Beyang Liu, Justin Dorfman


C and C++ are everywhere, but the security issues and bugs caused by their lack of modern features are everywhere too (by some estimates, 80% of vulnerabilities are related to buffer overflows).

What if you could wave a magic wand over your C or C++ codebase and make it better? This is the promise of Zig.

Zig is a general-purpose programming language that can act as a drop-in replacement for C / C++, letting you incrementally improve your code base.

We chatted to Andrew Kelley, creator of Zig, on the Sourcegraph podcast to learn more about this interesting new language and the awesome early community around it.

The Philosophy of Zig


Andrew aims for Zig to be the successor to C.

"The Zig project for me," Andrew tells us, "was peeling off these abstraction layers [of C] that we've all taken for granted and examining their foundational premises and saying, 'Is that really how it has to work? Let's question some of this stuff. Maybe it can be better'."

While investigating why features in C operate the way they do, Andrew came to realize that the reasoning behind many of them are not well justified.

This foundationalist approach has informed Andrew’s design of Zig from its earliest iterations. The Zig philosophy, Andrew says, begins with the first principle: "Avoid local maximums." In other words, in shaping Zig, Andrew and his team avoid settling for what is the most comfortable by pushing beyond a perceived limit. Instead, they aim to reach a “global maximum”, the best possible state of the language.

Reaching for a “global maximum” is not always the easiest option. Sometimes, to get the best possible result, a few steps backwards need to be taken. Andrew says, "We're not satisfied with just close enough. We really are willing to break things in order to put them back together, in a better way."

The result? Unlike its predecessor, Zig has no preprocessor, no macros, and no hidden control flow – Zig challenges the common notion that these features are optimal or even necessary. Zig’s memory allocation is more intuitive than C’s. And it even beats C in performance.

Zig’s design is a fundamental overhaul of the C programming language.

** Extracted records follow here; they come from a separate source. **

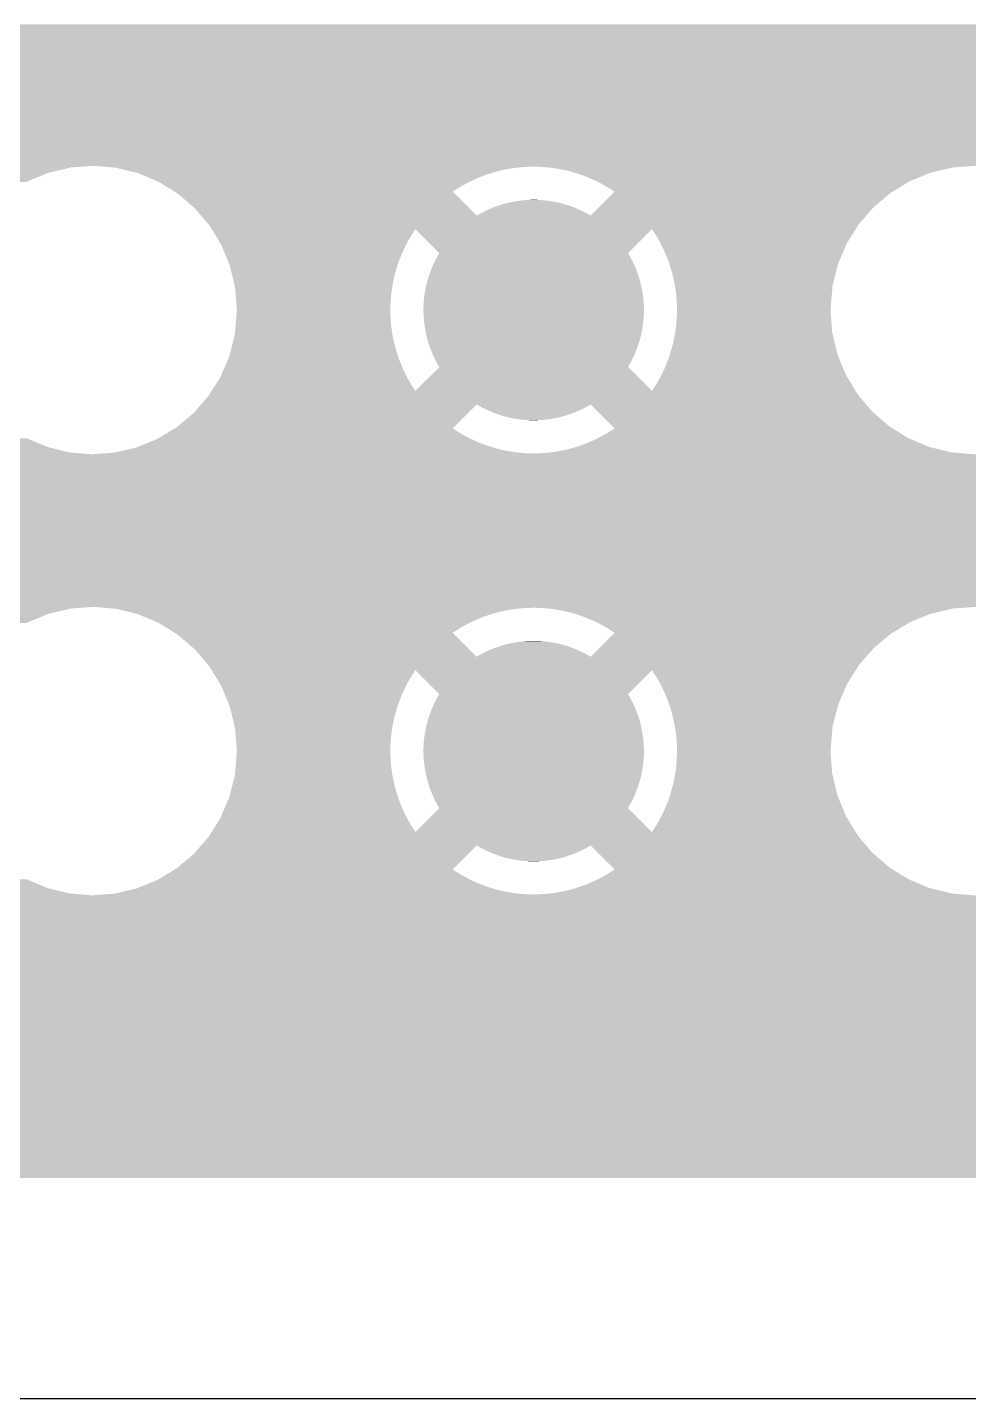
# Model space of a CAD drawing. Extents: x 295 to 953, y 10 to 290.
# Drawn here: x 709.39 to 723.48, y 71 to 91.53 of the extents above; entities that cross this region are included whole.
import ezdxf

# ---------------------------------------------------------------- set-up
doc = ezdxf.new("R2010")
doc.units = 0
doc.header["$LTSCALE"] = 5
doc.header["$MEASUREMENT"] = 0
doc.layers.add('GND1', color=7, linetype='CONTINUOUS')

msp = doc.modelspace()

# ---------------------------------------------------------------- linework, layer by layer
at = {"layer": 'GND1'}
msp.add_line((529.277, 71), (763.276, 71), dxfattribs=at)
for points in [[(524.78, 91.485), (524.78, 91.575), (756.065, 91.485), (756.076, 91.575)], [(524.78, 91.395), (524.78, 91.485), (756.059, 91.395), (756.065, 91.485)], [(524.78, 91.304), (524.78, 91.395), (756.059, 91.304), (756.059, 91.395)], [(524.78, 91.214), (524.78, 91.304), (756.063, 91.214), (756.059, 91.304)], [(524.78, 91.123), (524.78, 91.214), (756.073, 91.123), (756.063, 91.214)], [(524.78, 91.034), (524.78, 91.123), (756.089, 91.034), (756.073, 91.123)], [(524.78, 90.945), (524.78, 91.034), (756.109, 90.945), (756.089, 91.034)], [(524.78, 90.858), (524.78, 90.945), (756.135, 90.858), (756.109, 90.945)], [(524.78, 90.773), (524.78, 90.858), (756.165, 90.773), (756.135, 90.858)], [(524.78, 90.689), (524.78, 90.773), (756.201, 90.689), (756.165, 90.773)], [(524.78, 90.608), (524.78, 90.689), (756.241, 90.608), (756.201, 90.689)], [(524.78, 90.529), (524.78, 90.608), (756.286, 90.529), (756.241, 90.608)], [(524.78, 90.453), (524.78, 90.529), (756.335, 90.453), (756.286, 90.529)], [(524.78, 90.438), (524.78, 90.453), (756.346, 90.438), (756.335, 90.453)], [(524.78, 90.35), (524.78, 90.438), (759.974, 90.35), (759.974, 90.438)], [(524.78, 90.198), (524.78, 90.35), (756.843, 90.198), (756.996, 90.35)], [(641.571, 90.169), (641.235, 90.198), (756.815, 90.169), (756.843, 90.198)], [(641.899, 90.089), (641.571, 90.169), (756.734, 90.089), (756.815, 90.169)], [(641.945, 90.069), (641.899, 90.089), (756.715, 90.069), (756.734, 90.089)], [(642.065, 90.019), (641.945, 90.069), (756.79, 90.019), (756.715, 90.069)], [(642.174, 89.973), (642.065, 90.019), (756.868, 89.973), (756.79, 90.019)], [(642.21, 89.958), (642.174, 89.973), (756.898, 89.958), (756.868, 89.973)], [(642.252, 89.932), (642.21, 89.958), (756.949, 89.932), (756.898, 89.958)], [(642.311, 89.895), (642.252, 89.932), (757.032, 89.895), (756.949, 89.932)], [(642.362, 89.864), (642.311, 89.895), (757.117, 89.864), (757.032, 89.895)], [(642.405, 89.837), (642.362, 89.864), (757.204, 89.837), (757.117, 89.864)], [(642.44, 89.816), (642.405, 89.837), (757.292, 89.816), (757.204, 89.837)], [(642.466, 89.8), (642.44, 89.816), (757.382, 89.8), (757.292, 89.816)], [(642.484, 89.789), (642.466, 89.8), (757.472, 89.789), (757.382, 89.8)], [(642.494, 89.783), (642.484, 89.789), (757.562, 89.783), (757.472, 89.789)], [(642.495, 89.782), (642.494, 89.783), (757.653, 89.782), (757.562, 89.783)], [(642.497, 89.781), (642.495, 89.782), (759.974, 89.781), (759.974, 89.782)], [(642.711, 89.596), (642.497, 89.781), (759.974, 89.596), (759.974, 89.781)], [(679.339, 89.59), (679.249, 89.596), (759.974, 89.59), (759.974, 89.596)], [(679.429, 89.579), (679.339, 89.59), (759.974, 89.579), (759.974, 89.59)], [(679.519, 89.563), (679.429, 89.579), (759.974, 89.563), (759.974, 89.579)], [(679.607, 89.541), (679.519, 89.563), (759.974, 89.541), (759.974, 89.563)], [(679.694, 89.515), (679.607, 89.541), (759.974, 89.515), (759.974, 89.541)], [(679.779, 89.483), (679.694, 89.515), (759.974, 89.483), (759.974, 89.515)], [(679.836, 89.458), (679.779, 89.483), (759.974, 89.458), (759.974, 89.483)], [(704.061, 89.434), (703.775, 89.458), (710.042, 89.434), (710.379, 89.458)], [(704.111, 89.43), (704.061, 89.434), (710.024, 89.43), (710.042, 89.434)], [(704.405, 89.357), (704.111, 89.43), (709.713, 89.357), (710.024, 89.43)], [(704.439, 89.349), (704.405, 89.357), (709.693, 89.349), (709.713, 89.357)], [(704.721, 89.231), (704.439, 89.349), (709.4, 89.231), (709.693, 89.349)], [(710.534, 89.445), (710.379, 89.458), (723.404, 89.445), (723.587, 89.458)], [(710.56, 89.443), (710.534, 89.445), (716.872, 89.443), (716.978, 89.445)], [(710.648, 89.435), (710.56, 89.443), (716.766, 89.435), (716.872, 89.443)], [(710.715, 89.43), (710.648, 89.435), (716.719, 89.43), (716.766, 89.435)], [(710.744, 89.423), (710.715, 89.43), (716.66, 89.423), (716.719, 89.43)], [(710.817, 89.405), (710.744, 89.423), (716.555, 89.405), (716.66, 89.423)], [(710.911, 89.382), (710.817, 89.405), (716.451, 89.382), (716.555, 89.405)], [(711.026, 89.353), (710.911, 89.382), (716.349, 89.353), (716.451, 89.382)], [(711.043, 89.349), (711.026, 89.353), (716.336, 89.349), (716.349, 89.353)], [(711.112, 89.32), (711.043, 89.349), (716.247, 89.32), (716.336, 89.349)], [(711.203, 89.282), (711.112, 89.32), (716.148, 89.282), (716.247, 89.32)], [(717.085, 89.442), (716.978, 89.445), (723.361, 89.442), (723.404, 89.445)], [(717.186, 89.434), (717.085, 89.442), (723.25, 89.434), (723.361, 89.442)], [(717.191, 89.433), (717.186, 89.434), (723.248, 89.433), (723.25, 89.434)], [(717.297, 89.42), (717.191, 89.433), (723.19, 89.42), (723.248, 89.433)], [(717.401, 89.401), (717.297, 89.42), (723.109, 89.401), (723.19, 89.42)], [(717.505, 89.377), (717.401, 89.401), (723.005, 89.377), (723.109, 89.401)], [(717.574, 89.357), (717.505, 89.377), (722.921, 89.357), (723.005, 89.377)], [(717.608, 89.348), (717.574, 89.357), (722.898, 89.348), (722.921, 89.357)], [(717.708, 89.314), (717.608, 89.348), (722.813, 89.314), (722.898, 89.348)], [(717.807, 89.274), (717.708, 89.314), (722.716, 89.274), (722.813, 89.314)], [(704.75, 89.218), (704.721, 89.231), (709.38, 89.218), (709.4, 89.231)], [(711.306, 89.239), (711.203, 89.282), (716.051, 89.239), (716.148, 89.282)], [(711.354, 89.218), (711.306, 89.239), (716.011, 89.218), (716.051, 89.239)], [(711.399, 89.191), (711.354, 89.218), (715.956, 89.191), (716.011, 89.218)], [(711.484, 89.138), (711.399, 89.191), (715.863, 89.138), (715.956, 89.191)], [(711.577, 89.081), (711.484, 89.138), (715.773, 89.081), (715.863, 89.138)], [(717.904, 89.231), (717.807, 89.274), (722.608, 89.231), (722.716, 89.274)], [(717.904, 89.23), (717.904, 89.231), (722.608, 89.23), (722.608, 89.231)], [(717.999, 89.182), (717.904, 89.23), (722.527, 89.182), (722.608, 89.23)], [(718.091, 89.128), (717.999, 89.182), (722.438, 89.128), (722.527, 89.182)], [(718.18, 89.07), (718.091, 89.128), (722.342, 89.07), (722.438, 89.128)], [(711.593, 89.07), (711.577, 89.081), (715.758, 89.07), (715.773, 89.081)], [(711.641, 89.041), (711.593, 89.07), (715.787, 89.041), (715.758, 89.07)], [(711.897, 88.821), (711.641, 89.041), (716.007, 88.821), (715.787, 89.041)], [(716.546, 88.894), (716.562, 88.899), (717.394, 88.894), (717.374, 88.899)], [(716.562, 88.899), (716.637, 88.916), (717.374, 88.899), (717.303, 88.916)], [(716.637, 88.916), (716.653, 88.919), (717.303, 88.916), (717.282, 88.919)], [(716.653, 88.919), (716.73, 88.932), (717.282, 88.919), (717.211, 88.932)], [(716.73, 88.932), (716.746, 88.934), (717.211, 88.932), (717.189, 88.934)], [(716.746, 88.934), (716.824, 88.943), (717.189, 88.934), (717.118, 88.943)], [(716.824, 88.943), (716.838, 88.944), (717.118, 88.943), (717.093, 88.944)], [(716.838, 88.944), (716.921, 88.949), (717.093, 88.944), (717.025, 88.949)], [(716.921, 88.949), (716.932, 88.949), (717.025, 88.949), (716.932, 88.949)], [(717.95, 88.84), (718.167, 89.057), (722.061, 88.84), (722.319, 89.057)], [(718.167, 89.057), (718.18, 89.07), (722.319, 89.057), (722.342, 89.07)], [(711.989, 88.712), (711.897, 88.821), (716.116, 88.712), (716.007, 88.821)], [(712.097, 88.585), (711.989, 88.712), (721.839, 88.585), (721.949, 88.712)], [(716.116, 88.712), (716.132, 88.722), (717.822, 88.712), (717.806, 88.722)], [(716.132, 88.722), (716.198, 88.758), (717.806, 88.722), (717.741, 88.758)], [(716.198, 88.758), (716.214, 88.767), (717.741, 88.758), (717.724, 88.767)], [(716.214, 88.767), (716.282, 88.799), (717.724, 88.767), (717.657, 88.799)], [(716.282, 88.799), (716.298, 88.807), (717.657, 88.799), (717.639, 88.807)], [(716.298, 88.807), (716.368, 88.836), (717.639, 88.807), (717.571, 88.836)], [(716.368, 88.836), (716.384, 88.843), (717.571, 88.836), (717.553, 88.843)], [(716.384, 88.843), (716.456, 88.868), (717.553, 88.843), (717.483, 88.868)], [(716.456, 88.868), (716.473, 88.873), (717.483, 88.868), (717.464, 88.873)], [(716.473, 88.873), (716.546, 88.894), (717.464, 88.873), (717.394, 88.894)], [(717.822, 88.712), (717.95, 88.84), (721.949, 88.712), (722.061, 88.84)], [(712.115, 88.564), (712.097, 88.585), (721.825, 88.564), (721.839, 88.585)], [(712.148, 88.51), (712.115, 88.564), (721.792, 88.51), (721.825, 88.564)], [(712.203, 88.421), (712.148, 88.51), (715.14, 88.421), (715.197, 88.51)], [(715.556, 88.152), (715.197, 88.51), (718.383, 88.152), (718.741, 88.51)], [(718.804, 88.413), (718.741, 88.51), (721.731, 88.413), (721.792, 88.51)], [(712.259, 88.329), (712.203, 88.421), (715.086, 88.329), (715.14, 88.421)], [(712.291, 88.275), (712.259, 88.329), (715.059, 88.275), (715.086, 88.329)], [(718.857, 88.32), (718.804, 88.413), (721.673, 88.32), (721.731, 88.413)], [(718.867, 88.3), (718.857, 88.32), (721.66, 88.3), (721.673, 88.32)], [(718.905, 88.226), (718.867, 88.3), (721.628, 88.226), (721.66, 88.3)], [(712.308, 88.234), (712.291, 88.275), (715.037, 88.234), (715.059, 88.275)], [(712.348, 88.137), (712.308, 88.234), (714.993, 88.137), (715.037, 88.234)], [(712.389, 88.038), (712.348, 88.137), (714.954, 88.038), (714.993, 88.137)], [(715.51, 88.07), (715.528, 88.103), (718.428, 88.07), (718.411, 88.103)], [(715.528, 88.103), (715.556, 88.152), (718.411, 88.103), (718.383, 88.152)], [(718.949, 88.128), (718.905, 88.226), (721.586, 88.128), (721.628, 88.226)], [(718.987, 88.029), (718.949, 88.128), (721.544, 88.029), (721.586, 88.128)], [(712.42, 87.963), (712.389, 88.038), (714.929, 87.963), (714.954, 88.038)], [(712.426, 87.937), (712.42, 87.963), (714.92, 87.937), (714.929, 87.963)], [(712.451, 87.835), (712.426, 87.937), (714.891, 87.835), (714.92, 87.937)], [(715.413, 87.848), (715.432, 87.901), (718.526, 87.848), (718.506, 87.901)], [(715.432, 87.901), (715.447, 87.936), (718.506, 87.901), (718.492, 87.936)], [(715.447, 87.936), (715.468, 87.987), (718.492, 87.936), (718.469, 87.987)], [(715.468, 87.987), (715.485, 88.021), (718.469, 87.987), (718.454, 88.021)], [(715.485, 88.021), (715.51, 88.07), (718.454, 88.021), (718.428, 88.07)], [(719.001, 87.989), (718.987, 88.029), (721.527, 87.989), (721.544, 88.029)], [(719.021, 87.928), (719.001, 87.989), (721.512, 87.928), (721.527, 87.989)], [(719.05, 87.826), (719.021, 87.928), (721.486, 87.826), (721.512, 87.928)], [(712.475, 87.731), (712.451, 87.835), (714.867, 87.731), (714.891, 87.835)], [(712.498, 87.635), (712.475, 87.731), (714.85, 87.635), (714.867, 87.731)], [(715.352, 87.632), (715.361, 87.669), (718.585, 87.632), (718.578, 87.669)], [(715.361, 87.669), (715.374, 87.723), (718.578, 87.669), (718.564, 87.723)], [(715.374, 87.723), (715.384, 87.759), (718.564, 87.723), (718.555, 87.759)], [(715.384, 87.759), (715.4, 87.813), (718.555, 87.759), (718.537, 87.813)], [(715.4, 87.813), (715.413, 87.848), (718.537, 87.813), (718.526, 87.848)], [(719.073, 87.722), (719.05, 87.826), (721.46, 87.722), (721.486, 87.826)], [(719.084, 87.662), (719.073, 87.722), (721.444, 87.662), (721.46, 87.722)], [(712.499, 87.626), (712.498, 87.635), (714.848, 87.626), (714.85, 87.635)], [(712.507, 87.521), (712.499, 87.626), (714.834, 87.521), (714.848, 87.626)], [(712.516, 87.414), (712.507, 87.521), (714.826, 87.414), (714.834, 87.521)], [(715.325, 87.448), (715.329, 87.485), (718.613, 87.448), (718.61, 87.485)], [(715.329, 87.485), (715.336, 87.541), (718.61, 87.485), (718.602, 87.541)], [(715.336, 87.541), (715.343, 87.578), (718.602, 87.541), (718.596, 87.578)], [(715.343, 87.578), (715.352, 87.632), (718.596, 87.578), (718.585, 87.632)], [(719.092, 87.617), (719.084, 87.662), (721.441, 87.617), (721.444, 87.662)], [(719.105, 87.511), (719.092, 87.617), (721.432, 87.511), (721.441, 87.617)], [(719.113, 87.405), (719.105, 87.511), (721.423, 87.405), (721.432, 87.511)], [(712.525, 87.299), (712.516, 87.414), (714.823, 87.299), (714.826, 87.414)], [(712.516, 87.192), (712.525, 87.299), (714.826, 87.192), (714.823, 87.299)], [(715.318, 87.299), (715.319, 87.355), (718.62, 87.299), (718.619, 87.355)], [(715.32, 87.243), (715.318, 87.299), (718.619, 87.243), (718.62, 87.299)], [(715.319, 87.355), (715.321, 87.392), (718.619, 87.355), (718.618, 87.392)], [(715.321, 87.392), (715.325, 87.448), (718.618, 87.392), (718.613, 87.448)], [(719.112, 87.183), (719.115, 87.299), (721.423, 87.183), (721.414, 87.299)], [(719.115, 87.299), (719.113, 87.405), (721.414, 87.299), (721.423, 87.405)], [(712.498, 86.98), (712.507, 87.086), (714.847, 86.98), (714.833, 87.086)], [(712.507, 87.086), (712.516, 87.192), (714.833, 87.086), (714.826, 87.192)], [(715.321, 87.205), (715.32, 87.243), (718.617, 87.205), (718.619, 87.243)], [(715.326, 87.15), (715.321, 87.205), (718.613, 87.15), (718.617, 87.205)], [(715.329, 87.112), (715.326, 87.15), (718.609, 87.112), (718.613, 87.15)], [(715.337, 87.057), (715.329, 87.112), (718.602, 87.057), (718.609, 87.112)], [(715.342, 87.02), (715.337, 87.057), (718.596, 87.02), (718.602, 87.057)], [(719.09, 86.971), (719.104, 87.077), (721.439, 86.971), (721.431, 87.077)], [(719.104, 87.077), (719.112, 87.183), (721.431, 87.077), (721.423, 87.183)], [(712.453, 86.772), (712.479, 86.876), (714.889, 86.772), (714.865, 86.876)], [(712.479, 86.876), (712.494, 86.935), (714.865, 86.876), (714.854, 86.935)], [(712.494, 86.935), (712.498, 86.98), (714.854, 86.935), (714.847, 86.98)], [(715.353, 86.965), (715.342, 87.02), (718.586, 86.965), (718.596, 87.02)], [(715.36, 86.928), (715.353, 86.965), (718.577, 86.928), (718.586, 86.965)], [(715.374, 86.874), (715.36, 86.928), (718.565, 86.874), (718.577, 86.928)], [(715.384, 86.838), (715.374, 86.874), (718.554, 86.838), (718.565, 86.874)], [(719.047, 86.763), (719.071, 86.866), (721.488, 86.763), (721.463, 86.866)], [(719.071, 86.866), (719.089, 86.962), (721.463, 86.866), (721.44, 86.962)], [(719.089, 86.962), (719.09, 86.971), (721.44, 86.962), (721.439, 86.971)], [(712.411, 86.608), (712.427, 86.669), (714.938, 86.608), (714.917, 86.669)], [(712.427, 86.669), (712.453, 86.772), (714.917, 86.669), (714.889, 86.772)], [(715.401, 86.784), (715.384, 86.838), (718.538, 86.784), (718.554, 86.838)], [(715.412, 86.749), (715.401, 86.784), (718.525, 86.749), (718.538, 86.784)], [(715.433, 86.697), (715.412, 86.749), (718.506, 86.697), (718.525, 86.749)], [(715.446, 86.662), (715.433, 86.697), (718.492, 86.662), (718.506, 86.697)], [(715.469, 86.611), (715.446, 86.662), (718.47, 86.611), (718.492, 86.662)], [(719.009, 86.634), (719.018, 86.66), (721.519, 86.634), (721.512, 86.66)], [(719.018, 86.66), (719.047, 86.763), (721.512, 86.66), (721.488, 86.763)], [(712.31, 86.372), (712.352, 86.469), (715.033, 86.372), (714.99, 86.469)], [(712.352, 86.469), (712.394, 86.568), (714.99, 86.469), (714.951, 86.568)], [(712.394, 86.568), (712.411, 86.608), (714.951, 86.568), (714.938, 86.608)], [(715.197, 86.087), (715.556, 86.445), (718.741, 86.087), (718.383, 86.445)], [(715.484, 86.577), (715.469, 86.611), (718.453, 86.577), (718.47, 86.611)], [(715.51, 86.527), (715.484, 86.577), (718.429, 86.527), (718.453, 86.577)], [(715.528, 86.494), (715.51, 86.527), (718.41, 86.494), (718.429, 86.527)], [(715.556, 86.446), (715.528, 86.494), (718.383, 86.446), (718.41, 86.494)], [(715.556, 86.445), (715.556, 86.446), (718.383, 86.445), (718.383, 86.446)], [(718.901, 86.363), (718.945, 86.46), (721.63, 86.363), (721.59, 86.46)], [(718.945, 86.46), (718.984, 86.559), (721.59, 86.46), (721.549, 86.559)], [(718.984, 86.559), (719.009, 86.634), (721.549, 86.559), (721.519, 86.634)], [(712.208, 86.185), (712.266, 86.277), (715.135, 86.185), (715.082, 86.277)], [(712.266, 86.277), (712.279, 86.298), (715.082, 86.277), (715.071, 86.298)], [(712.279, 86.298), (712.31, 86.372), (715.071, 86.298), (715.033, 86.372)], [(718.799, 86.177), (718.852, 86.269), (721.736, 86.177), (721.68, 86.269)], [(718.852, 86.269), (718.88, 86.322), (721.68, 86.269), (721.647, 86.322)], [(718.88, 86.322), (718.901, 86.363), (721.647, 86.322), (721.63, 86.363)], [(712.099, 86.012), (712.113, 86.034), (721.841, 86.012), (721.823, 86.034)], [(712.113, 86.034), (712.147, 86.087), (721.823, 86.034), (721.79, 86.087)], [(712.147, 86.087), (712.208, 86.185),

Zig’s design approach in action

“But why?” became Andrew’s catchphrase as he questioned C’s fundamental features and tackled programmers’ uninterrogated assumptions about them.

For example, he asks, “Why use #define and not a constant?” Many programmers may not even think about why, or they’ll point out that the #define is a preprocessor directive but a constant is not. But this only explains what is the case, not why it needs to be like this.

“I’ll tell you the answer,” Andrew says. “The answer is because if you try to use a constant in a place that you'd expect to be able to use it, for example, just the length of an array, it won't work. It will give you a compile error.”

In other words, it shouldn’t have to be that way. “In Zig,” Andrew says, “we just fixed that so it works. That's it. That's the difference.”

What this design approach revealed to Andrew is that by fixing the illogical aspects of C, you can skip the preprocessor altogether.

Instead, Zig uses conditional compilation. This is the key distinction between Zig and C: It's important to Zig if the condition of an if statement is compile-time-known. If there are compile errors in the dead branch of an if statement, they won’t be evaluated.

This is how Zig can drop some of C’s features, while still being able to maintain (and even increase) usability, security, and speed. The benefits of taking a different philosophical approach is that from these changes, new behaviors emerge.

Features fall into your lap


Andrew started out designing Zig to “fix the warts of C.” But once he got going, he says, other features “fell into my lap.”

Here are some of these emerging behaviors in Zig:

Zig allocators


Zig takes a different approach to memory allocation: There is no global allocator in Zig; rather, custom allocators are passed around if memory is needed, allowing the standard library to be used in environments where it otherwise could not be used, like the kernel or an arduino.

The point of this approach to memory allocation in Zig is to avoid hidden memory allocation. Hidden allocation can interfere with control flow and function calls in unintuitive ways, making it harder to reuse code with a guarantee that there will be no interference.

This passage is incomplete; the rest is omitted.